Он бережно откинул с её лица золотистую прядь волос, упавшую ей на лоб. Мог ли он ей чего-нибудь не обещать, чувствуя под своей рукой это трепетное сердечко, бившееся любовью к нему!
— Мне кажется, Чарльз, к бедному мистеру Картону надо относиться более внимательно, с большим уважением, чем ты проявил к нему сегодня.
— Ты так думаешь, моя милочка? А почему, собственно?
— Вот об этом не надо спрашивать! Мне думается — я знаю, — что он этого заслуживает.
— Если ты знаешь — для меня этого достаточно. А что бы я мог для него сделать, дорогая?
— Я тебя прошу, мой родной, будь к нему всегда очень бережен и, когда его нет, относись снисходительно к его недостаткам. Поверь мне, это человек с большим сердцем, и оно у него глубоко ранено. Я видела, как оно кровоточит.
— Я очень огорчен, если чем-нибудь его задел, — сказал потрясенный Дарней. — Я как-то не представлял его себе таким.
— Поверь мне, мой дорогой, это так. Боюсь, что его уже ничто не спасет, едва ли можно надеяться, что он исправится или что-то изменится в его судьбе. Но я убеждена, что в нем много хорошего, что он способен проявить настоящую доброту, отзывчивость и даже самоотверженность.
Ее лицо, воодушевленное глубокой верой в этого погибшего человека, было так прекрасно, что Дарней не мог на нее наглядеться, и ему казалось, что он мог бы смотреть на нее часами.
— О мой дорогой, ненаглядный, — говорила она, прижимаясь головкой к его груди и глядя ему в глаза. — Подумай только, мы с тобой такие сильные в нашем счастье, мы можем опираться друг на друга, а он такой бессильный в своем несчастье.
Эти слова глубоко растрогали его.
— Я всегда буду помнить это, голубка моя. Я буду помнить об этом всю жизнь, обещаю тебе!

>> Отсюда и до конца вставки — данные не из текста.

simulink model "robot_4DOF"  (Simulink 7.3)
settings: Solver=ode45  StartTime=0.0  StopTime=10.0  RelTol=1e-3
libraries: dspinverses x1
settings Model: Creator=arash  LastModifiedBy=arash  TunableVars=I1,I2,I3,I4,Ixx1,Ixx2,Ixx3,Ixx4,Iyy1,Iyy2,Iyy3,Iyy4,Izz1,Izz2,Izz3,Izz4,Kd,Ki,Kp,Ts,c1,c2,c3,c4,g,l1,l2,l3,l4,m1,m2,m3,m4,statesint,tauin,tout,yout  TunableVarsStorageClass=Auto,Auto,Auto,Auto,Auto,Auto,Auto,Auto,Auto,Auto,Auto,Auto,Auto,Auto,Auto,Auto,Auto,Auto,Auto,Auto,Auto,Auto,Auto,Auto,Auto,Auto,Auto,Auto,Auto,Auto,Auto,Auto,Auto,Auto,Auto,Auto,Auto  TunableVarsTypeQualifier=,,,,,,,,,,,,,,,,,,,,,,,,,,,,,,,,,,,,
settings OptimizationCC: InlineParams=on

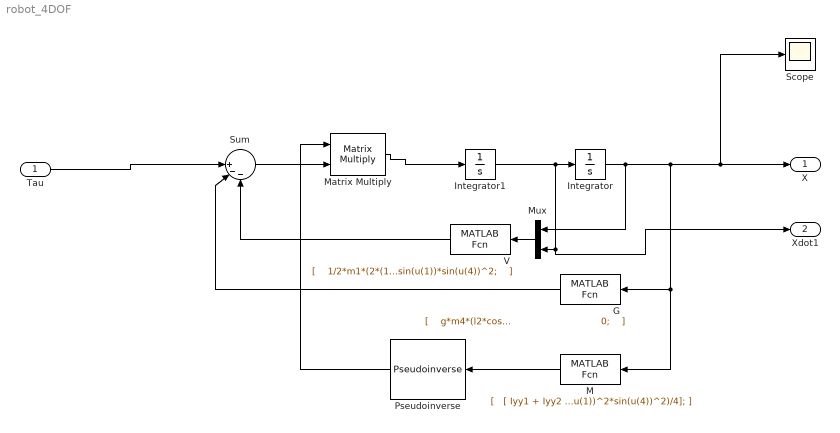
== system robot_4DOF ==
  Tau : Inport  OutDataType=fixdt(1, 16)  OutScaling=2^0
  G : MATLABFcn  MATLABFcn=|  OutputDimensions=4  OutputSignalType=real  Output1D=off
      | [
      |  
      |  g*m4*(l2*cos(u(1) + u(2)) + l1*cos(u(1)) + 1/2*l3*cos(u(1) + u(2) + u(3))) + g*m3*(1/2*l2*cos(u(1) + u(2)) + l1*cos(u(1))) + 1/2*g*l1*m2*cos(u(1));
      |                                                          g*m4*(l2*cos(u(1) + u(2)) + 1/2*l3*cos(u(1) + u(2) + u(3))) + 1/2*g*l2*m3*cos(u(1) + u(2));
      |                                                                                                                 1/2*g*l3*m4*cos(u(1) + u(2) + u(3));
      |                                                                                                                                                   0;
      |  
      |  ]
  Integrator : Integrator
  Integrator1 : Integrator
  M : MATLABFcn  MATLABFcn=|  OutputDimensions=[4 4]  OutputSignalType=real  Output1D=off
      | [
      |  
      | [ Iyy1 + Iyy2 + 1.0*Iyy3 + (m3*(2*(1.0*l2*sin(u(1) + u(2)) + l1*sin(u(1)) + 0.5*l3*sin(u(1) + u(2) + u(3)))*(l2*sin(u(1) + u(2)) + l1*sin(u(1)) + (l3*sin(u(1) + u(2) + u(3)))/2)*cos(u(4))^2 + 2*(1.0*l2*sin(u(1) + u(2)) + l1*sin(u(1)) + 0.5*l3*sin(u(1) + u(2) + u(3)))*(l2*sin(u(1) + u(2)) + l1*sin(u(1)) + (l3*sin(u(1) + u(2) + u(3)))/2)*sin(u(4))^2 + 2*(l2*cos(u(1) + u(2)) + l1*cos(u(1)) + (l3*cos(u(1) + u(2) + u(3)))/2)*(1.0*l2*cos(u(1) + u(2)) + l1*cos(u(1)) + 0.5*l3*cos(u(1) + u(2) + u(3)))))/2 + (l1^2*m1)/4 + (m2*(2*((l2*sin(u(1) + u(2)))/2 + l1*sin(u(1)))*(0.5*l2*sin(u(1) + u(2)) + l1*sin(u(1)))*cos(u(4))^2 + 2*((l2*sin(u(1) + u(2)))/2 + l1*sin(u(1)))*(0.5*l2*sin(u(1) + u(2)) + l1*sin(u(1)))*sin(u(4))^2 + 2*((l2*cos(u(1) + u(2)))/2 + l1*cos(u(1)))*(0.5*l2*cos(u(1) + u(2)) + l1*cos(u(1)))))/2, Iyy2 + 1.0*Iyy3 + (m3*(2*(1.0*l2*sin(u(1) + u(2)) + 0.5*l3*sin(u(1) + u(2) + u(3)))*(l2*sin(u(1) + u(2)) + l1*sin(u(1)) + (l3*sin(u(1) + u(2) + u(3)))/2)*cos(u(4))^2 + 2*(1.0*l2*sin(u(1) + u(2)) + 0.5*l3*sin(u(1) + u(2) + u(3)))*(l2*sin(u(1) + u(2)) + l1*sin(u(1)) + (l3*sin(u(1) + u(2) + u(3)))/2)*sin(u(4))^2 + 2*(1.0*l2*cos(u(1) + u(2)) + 0.5*l3*cos(u(1) + u(2) + u(3)))*(l2*cos(u(1) + u(2)) + l1*cos(u(1)) + (l3*cos(u(1) + u(2) + u(3)))/2)))/2 + (m2*(1.0*l2*sin(u(1) + u(2))*((l2*sin(u(1) + u(2)))/2 + l1*sin(u(1)))*cos(u(4))^2 + 1.0*l2*sin(u(1) + u(2))*((l2*sin(u(1) + u(2)))/2 + l1*sin(u(1)))*sin(u(4))^2 + 1.0*l2*cos(u(1) + u(2))*((l2*cos(u(1) + u(2)))/2 + l1*cos(u(1)))))/2, 1.0*Iyy3 + (m3*(1.0*l3*sin(u(1) + u(2) + u(3))*(l2*sin(u(1) + u(2)) + l1*sin(u(1)) + (l3*sin(u(1) + u(2) + u(3)))/2)*cos(u(4))^2 + 1.0*l3*sin(u(1) + u(2) + u(3))*(l2*sin(u(1) + u(2)) + l1*sin(u(1)) + (l3*sin(u(1) + u(2) + u(3)))/2)*sin(u(4))^2 + 1.0*l3*cos(u(1) + u(2) + u(3))*(l2*cos(u(1) + u(2)) + l1*cos(u(1)) + (l3*cos(u(1) + u(2) + u(3)))/2)))/2,                                                                                                                                                                                                                                                                                                                                                                                                                                                                                                                                                                                    0];
      | [                                                                                                                                                                                                                                                                                                                                                                                                                                                                                                                                                                                                                                                                                 Iyy2 + Iyy3 + (l2^2*m2)/4 + l2^2*m3 + (l3^2*m3)/4 + (l1*l3*m3*cos(u(2) + u(3)))/2 + (l1*l2*m2*cos(u(2)))/2 + l1*l2*m3*cos(u(2)) + l2*l3*m3*cos(u(3)),                                                                                                                                                                                                                                                                                                                                                                                                                                                                                                                                                                                                                                    Iyy2 + Iyy3 + (l2^2*m2)/4 + l2^2*m3 + (l3^2*m3)/4 + l2*l3*m3*cos(u(3)),                                                                                                                                                                                                                                                                                                                    (m3*l3^2)/4 + (l2*m3*cos(u(3))*l3)/2 + Iyy3,                                                                                                                                                                                                                                                                                                                                                                                                                                                                                                                                                                                    0];
      | [                                                                                                                                                                                                                                                                                                                                                                                                                                                                                                                                                                                                                                                                                                                                                          Iyy3 + (l3^2*m3)/4 + (l1*l3*m3*cos(u(2) + u(3)))/2 + (l2*l3*m3*cos(u(3)))/2,                                                                                                                                                                                                                                                                                                                                                                                                                                                                                                                                                                                                                                                               (m3*l3^2)/4 + (l2*m3*cos(u(3))*l3)/2 + Iyy3,                                                                                                                                                                                                                                                                                                                                             (m3*l3^2)/4 + Iyy3,                                                                                                                                                                                                                                                                                                                                                                                                                                                                                                                                                                                    0];
      | [                                                                                                                                                                                                                                                                                                                                                                                                                                                                                                                                                                                                                                                                                                                                                                                                                                    0,                                                                                                                                                                                                                                                                                                                                                                                                                                                                                                                                                                                                                                                                                                         0,                                                                                                                                                                                                                                                                                                                                                              0, I4 - Izz2*(cos(u(1) + u(2))^2 - 1) + (m2*(2*cos(u(4))^2*((l2*cos(u(1) + u(2)))/2 + l1*cos(u(1)))^2 + 2*sin(u(4))^2*((l2*cos(u(1) + u(2)))/2 + l1*cos(u(1)))^2))/2 + Ixx3*cos(u(1) + u(2) + u(3))^2 - Izz1*(cos(u(1))^2 - 1) - Izz3*(cos(u(1) + u(2) + u(3))^2 - 1) + Ixx2*cos(u(1) + u(2))^2 + Ixx1*cos(u(1))^2 + (m3*(2*cos(u(4))^2*(l2*cos(u(1) + u(2)) + l1*cos(u(1)) + (l3*cos(u(1) + u(2) + u(3)))/2)^2 + 2*sin(u(4))^2*(l2*cos(u(1) + u(2)) + l1*cos(u(1)) + (l3*cos(u(1) + u(2) + u(3)))/2)^2))/2 + (l1^2*m1*cos(u(1))^2*cos(u(4))^2)/4 + (l1^2*m1*cos(u(1))^2*sin(u(4))^2)/4];
      | ]
  Matrix Multiply : Product  Multiplication=Matrix(*)  OutDataType=sfix(16)  OutScaling=2^0
  Mux : Mux  Inputs=2
  Pseudoinverse : dspinverses/Pseudoinverse  wanterr=off
  Scope : Scope
      settings: YMin=-2.75  YMax=0.25
  Sum : Sum  Inputs=||+--  OutDataType=fixdt(1, 16)  OutScaling=2^0
  V : MATLABFcn  MATLABFcn=|  OutputDimensions=4  OutputSignalType=real  Output1D=off
      | [
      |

Он обнял ее и, склонившись к золотоволосой головке, прильнул поцелуем к ее губам. О, если бы тот, кто блуждал сейчас одиноко по темным безлюдным улицам, мог услышать это чистосердечное заступничество, увидел бы слезы жалости в этих кротких синих глазах, которые ее муж с такой любовью осушал поцелуями, он воскликнул бы, простирая руки в глухую ночь — этот возглас уже не первый раз срывался с его уст: — „Благослови ее, боже, за ее милое участие!“
Глава XXI
Эхо доносит шаги
Мы уже говорили о том, как удивительно разносится эхо в тупичке, где живет доктор.
В тихом доме, в заботливых руках Люси золотая нить, связывающая ее мужа, отца, ее самое и старую наставницу и подругу, сплетается в мирную и счастливую жизнь; из гулкой тишины тупика доносится эхо, и Люси год за годом слушает шаги времени.
В первый год ее замужества бывали дни, когда она, счастливая, молодая жена, слушая эти шаги, чувствовала, как работа медленно выпадает у нее из рук и глаза застилаются слезами. В этих доносившихся до нее отголосках она смутно угадывала приближенье чего-то неизведанного, нового, скрытого далеко впереди, от чего сердце ее вдруг замирало в сладкой тревоге. Радостное предчувствие и страх шевелились в нем — радость пробуждающегося к жизни нового чувства и страх, что она не выживет и ей не дано будет насладиться этим счастьем. Иногда шаги, доносившиеся до нее, вызывали в ней непреодолимый ужас — кто-то ступал по ее могиле — и она видела своего убитого горем мужа, безутешно оплакивающего ее, и тут уж она и сама не могла удержаться и плакала навзрыд.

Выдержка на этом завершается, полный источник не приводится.